In the material below, find the line with "137.795 113.665) (layer F.SilkS) (width 0.254))" and the line with "(segment (start 168.91", then output those two lines and every line between them, exactly.

** Data follows **

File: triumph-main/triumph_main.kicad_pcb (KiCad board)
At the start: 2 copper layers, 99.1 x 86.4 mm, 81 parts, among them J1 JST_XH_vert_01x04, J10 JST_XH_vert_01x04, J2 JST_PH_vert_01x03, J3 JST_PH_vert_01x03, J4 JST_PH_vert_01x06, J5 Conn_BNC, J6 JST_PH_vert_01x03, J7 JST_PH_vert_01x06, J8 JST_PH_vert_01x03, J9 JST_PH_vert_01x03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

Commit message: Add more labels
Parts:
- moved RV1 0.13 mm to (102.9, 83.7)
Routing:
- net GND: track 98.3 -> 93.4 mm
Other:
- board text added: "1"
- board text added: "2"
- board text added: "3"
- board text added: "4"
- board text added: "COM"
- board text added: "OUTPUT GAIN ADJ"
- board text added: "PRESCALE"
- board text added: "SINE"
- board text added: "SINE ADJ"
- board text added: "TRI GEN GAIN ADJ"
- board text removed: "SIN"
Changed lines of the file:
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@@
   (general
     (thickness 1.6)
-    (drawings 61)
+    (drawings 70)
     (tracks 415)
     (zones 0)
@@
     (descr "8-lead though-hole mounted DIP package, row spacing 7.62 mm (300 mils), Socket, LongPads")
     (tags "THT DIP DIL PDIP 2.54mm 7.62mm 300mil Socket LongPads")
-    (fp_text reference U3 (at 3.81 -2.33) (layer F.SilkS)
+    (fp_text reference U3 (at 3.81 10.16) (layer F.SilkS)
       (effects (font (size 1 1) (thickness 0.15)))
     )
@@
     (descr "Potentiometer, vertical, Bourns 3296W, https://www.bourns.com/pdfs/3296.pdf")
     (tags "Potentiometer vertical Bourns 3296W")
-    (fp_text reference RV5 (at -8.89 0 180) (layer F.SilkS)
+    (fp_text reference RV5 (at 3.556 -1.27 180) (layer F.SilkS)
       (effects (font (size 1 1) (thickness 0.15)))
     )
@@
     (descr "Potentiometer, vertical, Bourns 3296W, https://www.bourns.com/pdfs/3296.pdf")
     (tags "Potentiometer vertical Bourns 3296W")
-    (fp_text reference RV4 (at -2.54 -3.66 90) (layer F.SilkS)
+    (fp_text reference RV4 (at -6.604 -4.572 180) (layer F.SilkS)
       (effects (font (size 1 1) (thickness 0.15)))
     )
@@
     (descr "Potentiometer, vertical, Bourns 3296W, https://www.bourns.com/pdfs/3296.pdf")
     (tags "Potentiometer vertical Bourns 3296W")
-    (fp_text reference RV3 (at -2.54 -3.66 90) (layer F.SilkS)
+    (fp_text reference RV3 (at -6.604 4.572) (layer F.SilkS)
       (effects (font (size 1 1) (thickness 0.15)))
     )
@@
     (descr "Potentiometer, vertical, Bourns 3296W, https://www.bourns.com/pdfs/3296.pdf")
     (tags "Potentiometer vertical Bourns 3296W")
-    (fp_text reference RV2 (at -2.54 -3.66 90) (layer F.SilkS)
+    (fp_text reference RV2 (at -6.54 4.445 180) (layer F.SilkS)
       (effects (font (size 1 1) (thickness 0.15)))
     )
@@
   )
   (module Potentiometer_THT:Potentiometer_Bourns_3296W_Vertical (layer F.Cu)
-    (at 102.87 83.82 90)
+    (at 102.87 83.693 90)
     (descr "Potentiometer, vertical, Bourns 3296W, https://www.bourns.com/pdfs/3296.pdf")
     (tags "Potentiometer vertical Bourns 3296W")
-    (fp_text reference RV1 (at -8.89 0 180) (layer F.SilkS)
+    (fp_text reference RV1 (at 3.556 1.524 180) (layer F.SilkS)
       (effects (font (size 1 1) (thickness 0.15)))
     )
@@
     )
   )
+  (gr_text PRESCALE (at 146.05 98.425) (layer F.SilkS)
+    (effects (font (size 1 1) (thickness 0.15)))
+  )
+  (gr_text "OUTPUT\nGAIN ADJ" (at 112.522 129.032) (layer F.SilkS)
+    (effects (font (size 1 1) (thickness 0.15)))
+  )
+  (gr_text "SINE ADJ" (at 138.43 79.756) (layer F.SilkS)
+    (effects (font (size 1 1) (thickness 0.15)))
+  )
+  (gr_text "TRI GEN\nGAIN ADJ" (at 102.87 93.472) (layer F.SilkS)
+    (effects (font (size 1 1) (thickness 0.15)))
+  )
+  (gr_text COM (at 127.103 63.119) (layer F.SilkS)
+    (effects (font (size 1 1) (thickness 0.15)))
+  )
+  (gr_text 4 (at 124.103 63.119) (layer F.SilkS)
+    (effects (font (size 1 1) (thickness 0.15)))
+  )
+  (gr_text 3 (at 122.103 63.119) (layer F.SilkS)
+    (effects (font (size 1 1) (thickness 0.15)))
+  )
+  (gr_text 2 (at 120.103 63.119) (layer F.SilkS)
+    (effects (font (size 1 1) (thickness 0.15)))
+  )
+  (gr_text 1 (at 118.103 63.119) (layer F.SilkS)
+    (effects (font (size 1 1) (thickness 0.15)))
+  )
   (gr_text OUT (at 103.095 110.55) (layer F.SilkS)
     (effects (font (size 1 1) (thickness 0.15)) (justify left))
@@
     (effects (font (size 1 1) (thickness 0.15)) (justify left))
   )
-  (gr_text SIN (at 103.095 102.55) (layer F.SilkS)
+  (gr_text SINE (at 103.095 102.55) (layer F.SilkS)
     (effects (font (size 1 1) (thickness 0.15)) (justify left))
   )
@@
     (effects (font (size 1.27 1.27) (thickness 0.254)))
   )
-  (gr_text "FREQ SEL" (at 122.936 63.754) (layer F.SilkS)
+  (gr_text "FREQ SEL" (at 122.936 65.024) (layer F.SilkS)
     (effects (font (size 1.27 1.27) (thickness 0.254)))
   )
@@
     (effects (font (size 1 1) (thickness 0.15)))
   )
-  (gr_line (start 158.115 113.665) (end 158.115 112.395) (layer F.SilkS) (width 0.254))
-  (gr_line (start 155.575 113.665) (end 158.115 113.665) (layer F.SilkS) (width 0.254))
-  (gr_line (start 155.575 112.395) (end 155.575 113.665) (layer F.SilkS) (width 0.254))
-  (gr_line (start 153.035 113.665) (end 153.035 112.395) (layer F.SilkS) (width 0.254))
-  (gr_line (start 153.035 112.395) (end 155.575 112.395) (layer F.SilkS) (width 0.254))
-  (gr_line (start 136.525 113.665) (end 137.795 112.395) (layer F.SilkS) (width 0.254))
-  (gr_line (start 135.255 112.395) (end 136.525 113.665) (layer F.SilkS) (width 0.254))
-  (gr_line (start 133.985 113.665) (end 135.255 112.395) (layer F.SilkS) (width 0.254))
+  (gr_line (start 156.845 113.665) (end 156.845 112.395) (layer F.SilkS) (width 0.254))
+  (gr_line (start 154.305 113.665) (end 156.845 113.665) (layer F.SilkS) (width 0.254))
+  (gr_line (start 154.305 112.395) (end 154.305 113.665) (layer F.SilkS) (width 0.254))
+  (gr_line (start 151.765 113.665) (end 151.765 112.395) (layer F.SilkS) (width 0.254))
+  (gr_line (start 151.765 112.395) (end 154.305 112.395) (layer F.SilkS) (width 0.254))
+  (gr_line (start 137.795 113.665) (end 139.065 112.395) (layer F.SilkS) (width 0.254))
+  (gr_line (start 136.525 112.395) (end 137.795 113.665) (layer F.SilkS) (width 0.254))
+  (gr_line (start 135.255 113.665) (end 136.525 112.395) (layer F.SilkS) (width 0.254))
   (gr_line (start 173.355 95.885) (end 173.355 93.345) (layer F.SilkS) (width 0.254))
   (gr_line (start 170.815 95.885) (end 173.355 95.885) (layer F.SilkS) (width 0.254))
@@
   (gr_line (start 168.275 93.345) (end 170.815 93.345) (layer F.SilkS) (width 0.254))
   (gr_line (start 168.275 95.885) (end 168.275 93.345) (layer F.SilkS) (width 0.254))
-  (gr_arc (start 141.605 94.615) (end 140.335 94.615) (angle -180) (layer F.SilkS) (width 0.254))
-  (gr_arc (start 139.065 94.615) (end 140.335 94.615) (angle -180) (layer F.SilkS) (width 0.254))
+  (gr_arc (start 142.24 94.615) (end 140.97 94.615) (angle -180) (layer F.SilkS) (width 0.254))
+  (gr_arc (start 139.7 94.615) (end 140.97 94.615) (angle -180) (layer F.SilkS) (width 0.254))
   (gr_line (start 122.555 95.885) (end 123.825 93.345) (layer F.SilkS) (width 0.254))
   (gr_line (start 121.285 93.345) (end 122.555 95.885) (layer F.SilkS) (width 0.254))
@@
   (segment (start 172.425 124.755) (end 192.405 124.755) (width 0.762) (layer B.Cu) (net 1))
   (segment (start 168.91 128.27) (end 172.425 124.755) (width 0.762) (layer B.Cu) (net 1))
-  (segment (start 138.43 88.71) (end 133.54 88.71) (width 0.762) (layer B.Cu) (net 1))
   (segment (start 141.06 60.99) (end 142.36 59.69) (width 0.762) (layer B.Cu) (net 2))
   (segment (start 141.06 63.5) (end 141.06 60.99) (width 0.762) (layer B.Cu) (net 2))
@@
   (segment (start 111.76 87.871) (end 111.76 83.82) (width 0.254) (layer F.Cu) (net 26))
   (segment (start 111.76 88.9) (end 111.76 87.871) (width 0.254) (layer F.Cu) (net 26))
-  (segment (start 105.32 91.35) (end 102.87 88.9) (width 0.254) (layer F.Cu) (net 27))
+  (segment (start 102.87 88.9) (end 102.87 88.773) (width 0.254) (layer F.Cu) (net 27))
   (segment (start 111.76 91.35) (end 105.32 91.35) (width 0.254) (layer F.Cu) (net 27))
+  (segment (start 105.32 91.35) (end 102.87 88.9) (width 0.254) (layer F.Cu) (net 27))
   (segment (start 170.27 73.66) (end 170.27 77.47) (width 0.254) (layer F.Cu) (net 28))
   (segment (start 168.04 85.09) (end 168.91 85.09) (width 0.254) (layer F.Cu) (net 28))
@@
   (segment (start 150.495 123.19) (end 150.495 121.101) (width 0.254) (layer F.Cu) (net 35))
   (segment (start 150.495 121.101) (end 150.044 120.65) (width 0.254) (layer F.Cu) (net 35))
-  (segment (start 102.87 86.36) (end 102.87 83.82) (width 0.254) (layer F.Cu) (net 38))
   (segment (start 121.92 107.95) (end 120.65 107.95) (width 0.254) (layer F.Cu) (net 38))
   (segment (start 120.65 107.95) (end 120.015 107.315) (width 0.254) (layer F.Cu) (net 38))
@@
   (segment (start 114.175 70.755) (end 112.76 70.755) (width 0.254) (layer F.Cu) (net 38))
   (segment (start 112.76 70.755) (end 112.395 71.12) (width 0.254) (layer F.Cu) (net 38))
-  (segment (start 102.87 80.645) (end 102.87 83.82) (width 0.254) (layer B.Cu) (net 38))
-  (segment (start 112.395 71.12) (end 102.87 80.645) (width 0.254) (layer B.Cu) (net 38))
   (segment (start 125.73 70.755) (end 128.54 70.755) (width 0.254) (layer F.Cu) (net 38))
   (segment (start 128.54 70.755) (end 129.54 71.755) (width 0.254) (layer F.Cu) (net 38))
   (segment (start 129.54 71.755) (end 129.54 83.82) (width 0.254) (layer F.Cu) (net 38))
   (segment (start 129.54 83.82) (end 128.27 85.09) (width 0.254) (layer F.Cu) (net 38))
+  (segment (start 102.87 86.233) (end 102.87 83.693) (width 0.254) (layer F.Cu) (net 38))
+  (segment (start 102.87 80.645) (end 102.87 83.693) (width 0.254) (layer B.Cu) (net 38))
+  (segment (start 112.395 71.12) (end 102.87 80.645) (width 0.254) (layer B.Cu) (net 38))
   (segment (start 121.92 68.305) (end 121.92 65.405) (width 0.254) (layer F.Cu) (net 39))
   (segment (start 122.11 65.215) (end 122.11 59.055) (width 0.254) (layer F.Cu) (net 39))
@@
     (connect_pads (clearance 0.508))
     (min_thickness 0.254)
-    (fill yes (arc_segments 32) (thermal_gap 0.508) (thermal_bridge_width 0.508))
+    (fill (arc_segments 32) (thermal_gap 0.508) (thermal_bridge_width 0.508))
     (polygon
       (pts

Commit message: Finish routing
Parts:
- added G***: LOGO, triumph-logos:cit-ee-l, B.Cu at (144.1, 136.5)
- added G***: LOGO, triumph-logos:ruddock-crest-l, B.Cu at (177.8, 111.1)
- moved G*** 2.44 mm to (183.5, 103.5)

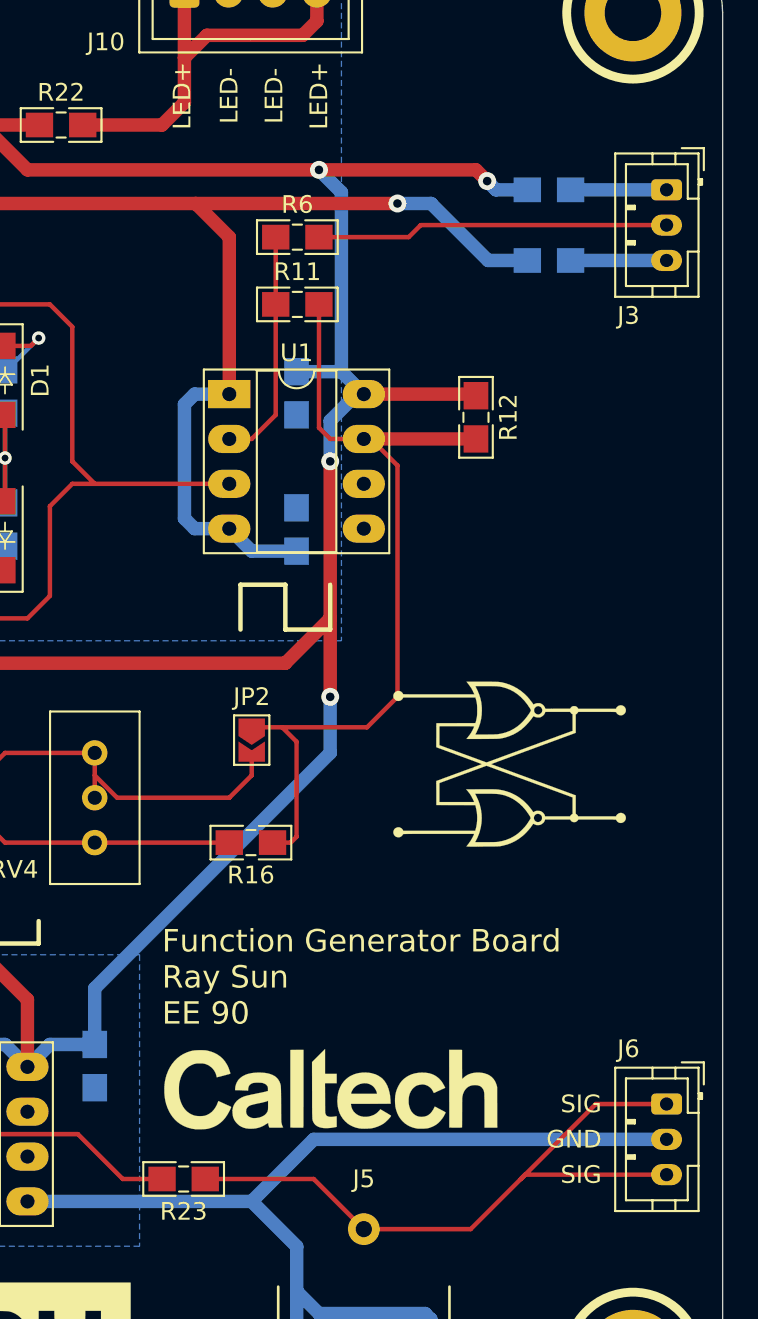
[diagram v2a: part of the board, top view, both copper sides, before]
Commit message: Add missing conector labels
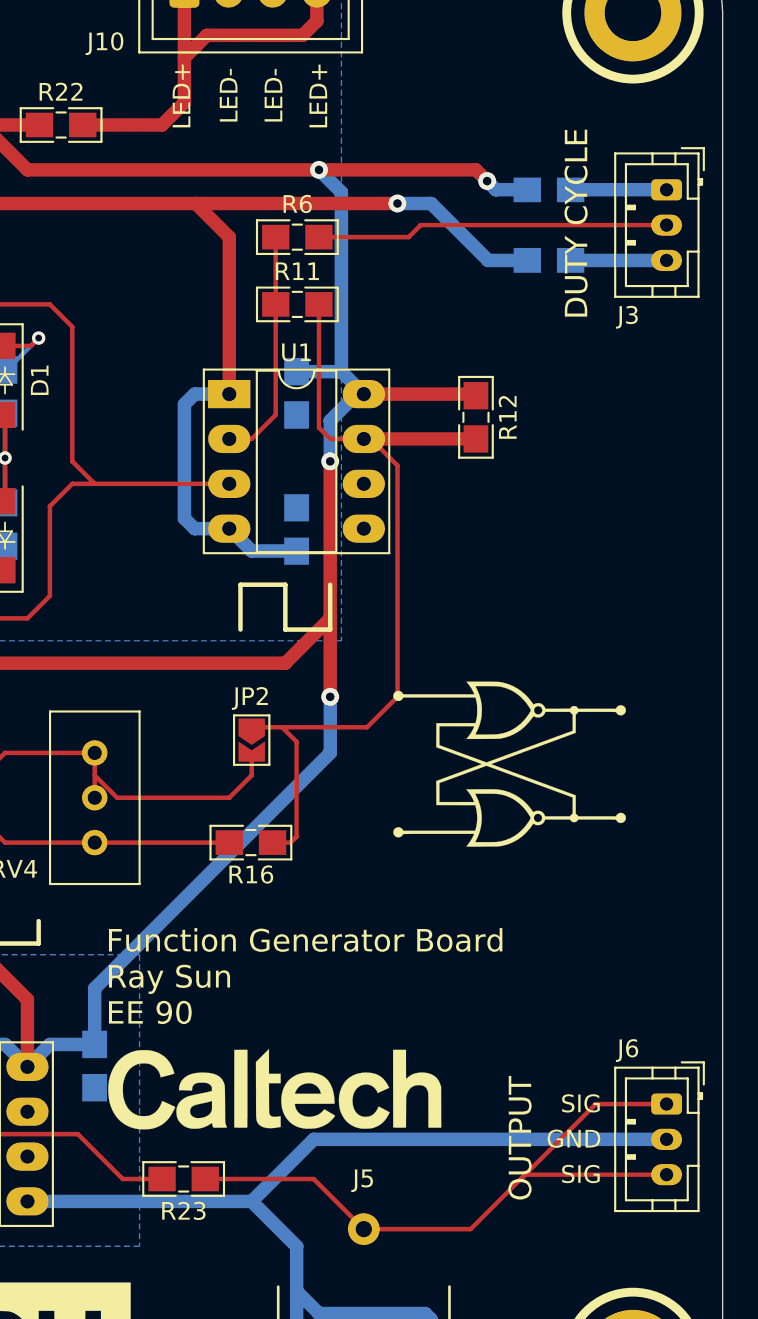
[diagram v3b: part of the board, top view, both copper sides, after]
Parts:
- moved G*** 3.17 mm to (170.2, 121.9)
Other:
- board text added: "DUTY CYCLE"
- board text added: "OUTPUT"
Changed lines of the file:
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@@
   (general
     (thickness 1.6)
-    (drawings 70)
+    (drawings 72)
     (tracks 415)
     (zones 0)
@@
   )
   (module triumph-logos:caltech (layer F.Cu)
-    (at 173.355 121.92)
+    (at 170.18 121.92)
     (fp_text reference G*** (at 0 0) (layer F.SilkS) hide
       (effects (font (size 1.524 1.524) (thickness 0.3)))
@@
     )
   )
+  (gr_text OUTPUT (at 184.15 124.714 90) (layer F.SilkS)
+    (effects (font (size 1.27 1.27) (thickness 0.254)))
+  )
+  (gr_text "DUTY CYCLE" (at 187.325 72.898 90) (layer F.SilkS)
+    (effects (font (size 1.27 1.27) (thickness 0.254)))
+  )
   (gr_text PRESCALE (at 146.05 98.425) (layer F.SilkS)
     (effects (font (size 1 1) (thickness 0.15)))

** End of Data **

## Answer section
+  (gr_line (start 136.525 112.395) (end 137.795 113.665) (layer F.SilkS) (width 0.254))
+  (gr_line (start 135.255 113.665) (end 136.525 112.395) (layer F.SilkS) (width 0.254))
   (gr_line (start 173.355 95.885) (end 173.355 93.345) (layer F.SilkS) (width 0.254))
   (gr_line (start 170.815 95.885) (end 173.355 95.885) (layer F.SilkS) (width 0.254))
@@
   (gr_line (start 168.275 93.345) (end 170.815 93.345) (layer F.SilkS) (width 0.254))
   (gr_line (start 168.275 95.885) (end 168.275 93.345) (layer F.SilkS) (width 0.254))
-  (gr_arc (start 141.605 94.615) (end 140.335 94.615) (angle -180) (layer F.SilkS) (width 0.254))
-  (gr_arc (start 139.065 94.615) (end 140.335 94.615) (angle -180) (layer F.SilkS) (width 0.254))
+  (gr_arc (start 142.24 94.615) (end 140.97 94.615) (angle -180) (layer F.SilkS) (width 0.254))
+  (gr_arc (start 139.7 94.615) (end 140.97 94.615) (angle -180) (layer F.SilkS) (width 0.254))
   (gr_line (start 122.555 95.885) (end 123.825 93.345) (layer F.SilkS) (width 0.254))
   (gr_line (start 121.285 93.345) (end 122.555 95.885) (layer F.SilkS) (width 0.254))
@@
   (segment (start 172.425 124.755) (end 192.405 124.755) (width 0.762) (layer B.Cu) (net 1))
   (segment (start 168.91 128.27) (end 172.425 124.755) (width 0.762) (layer B.Cu) (net 1))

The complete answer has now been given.